Pris dans leur émotion, leur émotivité propres. L’intelligence particulière
qu’ils ont de leur situation. Leur besoin de reconnaissance aussi. Leurs petites
stratégies personnelles. Leurs aveux comme leurs dénis. Leur soumission plus ou
moins grande à la fatalité. Et la nécessité dans laquelle ils se trouvent de se
dégager de l’image toujours défavorable que la nature du procès tend à imposer
d’eux.
Dans cette
écriture qu’invente ici Sophie G. Lucas tout parle. La parole bien sûr mais
tout autant le geste, le regard, les silences. Le vêtement. Et surtout puisque
c’est une écriture, le rythme. La ponctuation. Le montage. L’ellipse. La chute
surtout qui met ponctuellement fin à la scène. Et impose au lecteur, en
concurrence avec le titre, son essentielle tonalité.
Jusque-là,
me direz-vous, rien de bien différent de ce que pourrait nous faire entendre
une chronique bien écrite. Un journaliste talentueux. Certes. Si ce n’est que
cette comédie humaine que l’auteur
remet ici en scène, est aussi l’occasion, à partir de ses multiples
personnages, d’évoquer, de façon plus intime la présence ou plutôt l’absence
douloureuse d’un père dont l’auteur semble n’avoir jamais cessé tout au long de
sa vie d’instruire le procès en négligence, en abandon, en violences diverses
et qu’elle revoit en chacune des lamentables, pathétiques ou
insupportables figures que son expérience au tribunal de Nantes lui permet de
découvrir.
Alors, par
le détour des autres peut se dire pour elle et se comprendre, le caractère
jusqu’alors mal déchiffrable d’un être qui n’avait pas de loi, conciliait les
contraires, coupable et victime à la fois d’une vie excessive, mal dirigée, et qui
désormais ne relèvera plus pour elle du jugement à porter mais d’une forme
puissante et surtout non démonstrative d’empathie qui l’amène à reconnaître
simplement ce qu’il fut, dans sa complexe et difficile humanité. Instable.

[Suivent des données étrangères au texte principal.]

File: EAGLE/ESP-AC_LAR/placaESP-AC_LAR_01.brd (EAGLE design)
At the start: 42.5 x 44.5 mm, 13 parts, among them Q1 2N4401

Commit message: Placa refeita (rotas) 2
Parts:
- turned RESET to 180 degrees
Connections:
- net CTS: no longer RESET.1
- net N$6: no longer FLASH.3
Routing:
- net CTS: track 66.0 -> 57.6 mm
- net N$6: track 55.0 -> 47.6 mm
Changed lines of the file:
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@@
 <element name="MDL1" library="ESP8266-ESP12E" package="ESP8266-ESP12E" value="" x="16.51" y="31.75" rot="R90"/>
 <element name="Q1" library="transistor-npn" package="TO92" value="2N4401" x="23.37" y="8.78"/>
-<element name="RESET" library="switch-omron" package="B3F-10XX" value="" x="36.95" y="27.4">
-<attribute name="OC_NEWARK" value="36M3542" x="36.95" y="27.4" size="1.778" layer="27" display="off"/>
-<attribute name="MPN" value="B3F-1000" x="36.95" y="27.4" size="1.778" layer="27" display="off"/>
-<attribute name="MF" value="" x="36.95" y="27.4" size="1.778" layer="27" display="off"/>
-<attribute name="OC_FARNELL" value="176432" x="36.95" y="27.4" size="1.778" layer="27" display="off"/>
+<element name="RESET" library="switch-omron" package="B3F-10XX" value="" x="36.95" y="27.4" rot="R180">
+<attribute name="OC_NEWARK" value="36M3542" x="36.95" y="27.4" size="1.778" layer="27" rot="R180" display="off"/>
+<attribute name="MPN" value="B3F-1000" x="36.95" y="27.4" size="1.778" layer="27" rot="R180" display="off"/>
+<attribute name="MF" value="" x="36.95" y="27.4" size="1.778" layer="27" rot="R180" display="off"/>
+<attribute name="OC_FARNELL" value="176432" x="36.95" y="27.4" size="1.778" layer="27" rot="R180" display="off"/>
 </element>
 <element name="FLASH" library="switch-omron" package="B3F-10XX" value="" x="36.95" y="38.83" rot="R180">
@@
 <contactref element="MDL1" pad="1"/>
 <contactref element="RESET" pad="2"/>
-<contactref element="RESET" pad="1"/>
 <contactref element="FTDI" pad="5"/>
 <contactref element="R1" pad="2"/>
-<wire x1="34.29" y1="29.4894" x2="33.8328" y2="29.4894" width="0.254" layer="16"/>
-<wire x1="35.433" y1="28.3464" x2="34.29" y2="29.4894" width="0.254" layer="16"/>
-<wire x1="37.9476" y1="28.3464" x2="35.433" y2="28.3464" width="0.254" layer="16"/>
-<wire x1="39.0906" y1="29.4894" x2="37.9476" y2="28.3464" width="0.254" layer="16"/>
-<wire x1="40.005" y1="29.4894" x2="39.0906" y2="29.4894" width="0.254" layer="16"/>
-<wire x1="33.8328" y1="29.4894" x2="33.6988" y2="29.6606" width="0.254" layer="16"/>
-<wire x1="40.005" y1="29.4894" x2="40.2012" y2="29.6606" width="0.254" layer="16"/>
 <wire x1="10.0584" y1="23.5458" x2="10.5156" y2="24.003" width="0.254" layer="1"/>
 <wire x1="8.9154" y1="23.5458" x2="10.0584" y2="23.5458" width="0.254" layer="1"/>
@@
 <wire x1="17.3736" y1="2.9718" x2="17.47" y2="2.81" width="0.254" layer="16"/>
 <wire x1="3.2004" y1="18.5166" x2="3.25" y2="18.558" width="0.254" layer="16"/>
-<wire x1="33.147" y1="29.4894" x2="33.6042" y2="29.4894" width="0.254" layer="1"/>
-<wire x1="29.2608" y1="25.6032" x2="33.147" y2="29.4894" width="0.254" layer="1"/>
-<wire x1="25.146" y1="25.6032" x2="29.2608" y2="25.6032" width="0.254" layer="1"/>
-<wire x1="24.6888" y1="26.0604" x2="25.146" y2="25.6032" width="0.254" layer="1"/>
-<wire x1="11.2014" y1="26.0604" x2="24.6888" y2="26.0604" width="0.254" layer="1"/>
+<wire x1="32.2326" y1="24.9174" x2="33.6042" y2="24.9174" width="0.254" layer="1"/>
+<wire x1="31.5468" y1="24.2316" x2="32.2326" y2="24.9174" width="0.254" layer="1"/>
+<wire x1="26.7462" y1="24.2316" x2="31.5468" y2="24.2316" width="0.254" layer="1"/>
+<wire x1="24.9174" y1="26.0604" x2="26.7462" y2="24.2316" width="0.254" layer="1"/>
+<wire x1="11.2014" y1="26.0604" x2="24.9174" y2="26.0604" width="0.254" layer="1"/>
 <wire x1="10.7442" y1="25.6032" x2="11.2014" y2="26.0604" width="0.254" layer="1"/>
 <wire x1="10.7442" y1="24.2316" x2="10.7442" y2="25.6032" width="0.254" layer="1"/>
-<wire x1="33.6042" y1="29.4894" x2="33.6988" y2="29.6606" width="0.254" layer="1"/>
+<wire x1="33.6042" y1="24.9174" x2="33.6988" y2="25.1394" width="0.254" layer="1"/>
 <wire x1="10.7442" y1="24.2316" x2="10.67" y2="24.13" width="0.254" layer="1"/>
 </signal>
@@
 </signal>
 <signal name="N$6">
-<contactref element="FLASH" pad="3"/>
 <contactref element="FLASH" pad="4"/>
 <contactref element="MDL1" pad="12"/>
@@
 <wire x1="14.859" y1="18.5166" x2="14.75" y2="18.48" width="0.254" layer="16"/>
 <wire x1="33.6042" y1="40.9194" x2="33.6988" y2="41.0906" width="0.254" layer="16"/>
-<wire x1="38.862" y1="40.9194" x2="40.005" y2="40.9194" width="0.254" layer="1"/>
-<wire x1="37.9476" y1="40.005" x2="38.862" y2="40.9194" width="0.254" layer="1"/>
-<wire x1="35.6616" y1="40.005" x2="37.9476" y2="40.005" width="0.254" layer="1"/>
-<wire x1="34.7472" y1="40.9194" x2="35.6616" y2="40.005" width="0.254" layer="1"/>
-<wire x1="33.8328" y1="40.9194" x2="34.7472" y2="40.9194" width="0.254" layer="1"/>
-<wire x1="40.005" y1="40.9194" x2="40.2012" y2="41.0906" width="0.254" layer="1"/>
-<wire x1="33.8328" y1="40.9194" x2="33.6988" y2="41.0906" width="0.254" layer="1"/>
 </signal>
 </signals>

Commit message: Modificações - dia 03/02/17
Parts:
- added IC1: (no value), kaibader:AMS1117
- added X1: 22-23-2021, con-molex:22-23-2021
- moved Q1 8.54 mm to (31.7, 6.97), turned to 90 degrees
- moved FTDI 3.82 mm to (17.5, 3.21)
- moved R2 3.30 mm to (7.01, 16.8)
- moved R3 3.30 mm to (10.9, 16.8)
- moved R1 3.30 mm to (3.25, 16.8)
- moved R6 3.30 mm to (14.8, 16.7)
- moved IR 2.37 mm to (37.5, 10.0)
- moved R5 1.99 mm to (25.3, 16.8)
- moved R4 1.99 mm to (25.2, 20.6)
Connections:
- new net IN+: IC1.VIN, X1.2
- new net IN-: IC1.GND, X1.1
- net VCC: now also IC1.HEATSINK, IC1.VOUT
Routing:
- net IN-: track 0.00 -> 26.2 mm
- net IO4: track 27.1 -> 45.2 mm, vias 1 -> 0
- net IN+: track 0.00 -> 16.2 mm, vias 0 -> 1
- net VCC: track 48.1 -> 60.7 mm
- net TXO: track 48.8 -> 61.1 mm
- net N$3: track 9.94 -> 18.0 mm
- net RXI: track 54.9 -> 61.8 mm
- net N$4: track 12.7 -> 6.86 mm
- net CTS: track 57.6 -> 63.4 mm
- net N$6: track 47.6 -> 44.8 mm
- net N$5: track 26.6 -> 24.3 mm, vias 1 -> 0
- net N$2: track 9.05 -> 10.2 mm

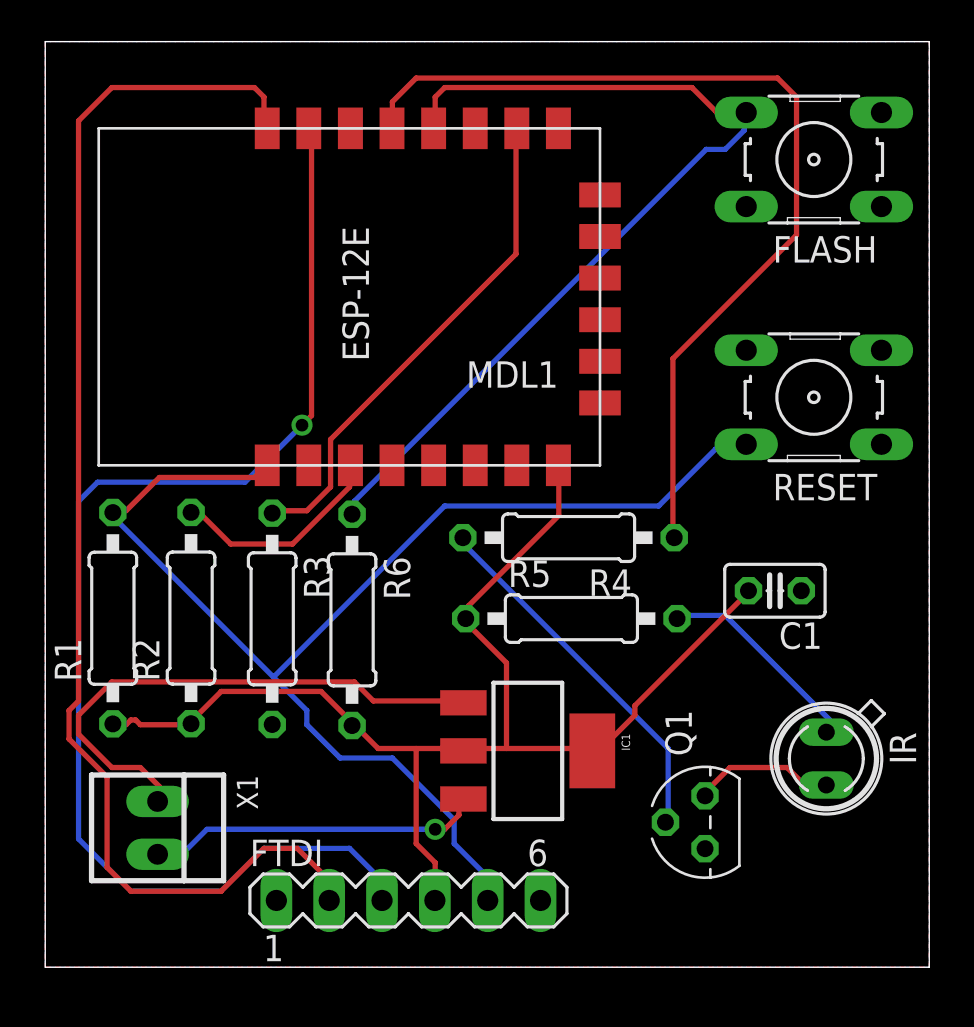
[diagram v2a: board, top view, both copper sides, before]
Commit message: Alterações dia 07/02 + placa porta + referências
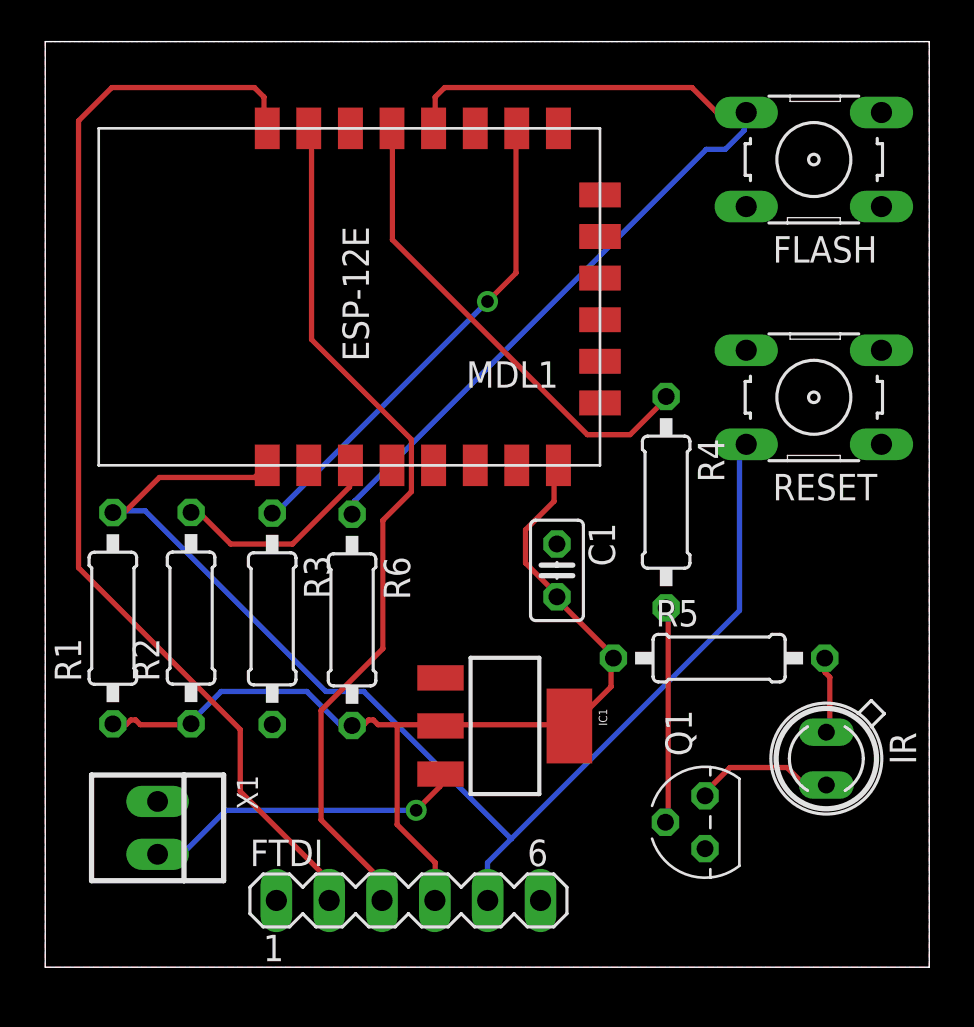
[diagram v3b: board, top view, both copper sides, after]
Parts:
- moved C1 10.5 mm to (24.6, 19.1), turned to 270 degrees
- moved R5 7.35 mm to (32.4, 14.9)
- moved R4 4.99 mm to (29.9, 22.4), turned to 270 degrees
- moved IC1 1.63 mm to (22.1, 11.6)
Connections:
- removed net IN-: IC1.GND, X1.1
- net GND: now also IC1.GND, X1.1
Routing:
- net IN-: track 26.2 -> 0.00 mm
- net IO4: track 45.2 -> 23.4 mm
- net TXO: track 61.1 -> 42.2 mm, vias 1 -> 0
- net VCC: track 60.7 -> 49.2 mm
- net RXI: track 61.8 -> 53.8 mm
- net N$3: track 18.0 -> 10.4 mm
- net N$2: track 10.2 -> 3.75 mm
- net CTS: track 63.4 -> 61.1 mm
- net N$5: track 24.3 -> 23.6 mm, vias 0 -> 1
- net IN+: track 16.2 -> 15.5 mm

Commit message: Add gerbers + atualização caixa
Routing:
- net RXI: track 53.8 -> 50.9 mm, vias 0 -> 1
- net VCC: track 49.2 -> 52.0 mm
- net TXO: track 42.2 -> 44.0 mm, vias 0 -> 2
- net CTS: track 61.1 -> 62.5 mm
- net N$4: track 6.86 -> 8.14 mm
- net IO4: track 23.4 -> 24.4 mm
- net N$1: track 10.5 -> 11.5 mm
- net N$3: track 10.4 -> 11.2 mm
- net N$6: track 44.8 -> 45.5 mm
- net IN+: track 15.5 -> 15.2 mm, vias 1 -> 0

Inaccordé. Fuyant. En un mot inappropriable.
Et c’est
peut-être là que nous touchons au poétique. Si par poétique non entendons, non
plus simplement un certain caractère d’ornement qui s’impose au discours, voire
plus ambitieusement une forme supérieure, énigmatique et parfois même absconse d’édicter
la Vérité, mais une certaine reconnaissance à travers la parole de l’excédence du réel par rapport aux
pensées, aux systèmes, aux morales.
Car le
propre de la poésie est peut-être simplement là. Dans cet effort de langue qui,
non pas appliqué au réel, mais
s’efforçant avec, travaille à de
réciproques ouvertures, de symétriques reconnaissances, s’emploie à libérer
toute la puissance de métamorphoses et de compréhension que, derrière les
apparences, le bloc figé des représentations soumises, le monde, que nous
réfléchissons et inventons par la parole attentive, agissante, possède et continue depuis toujours à vouloir nous proposer.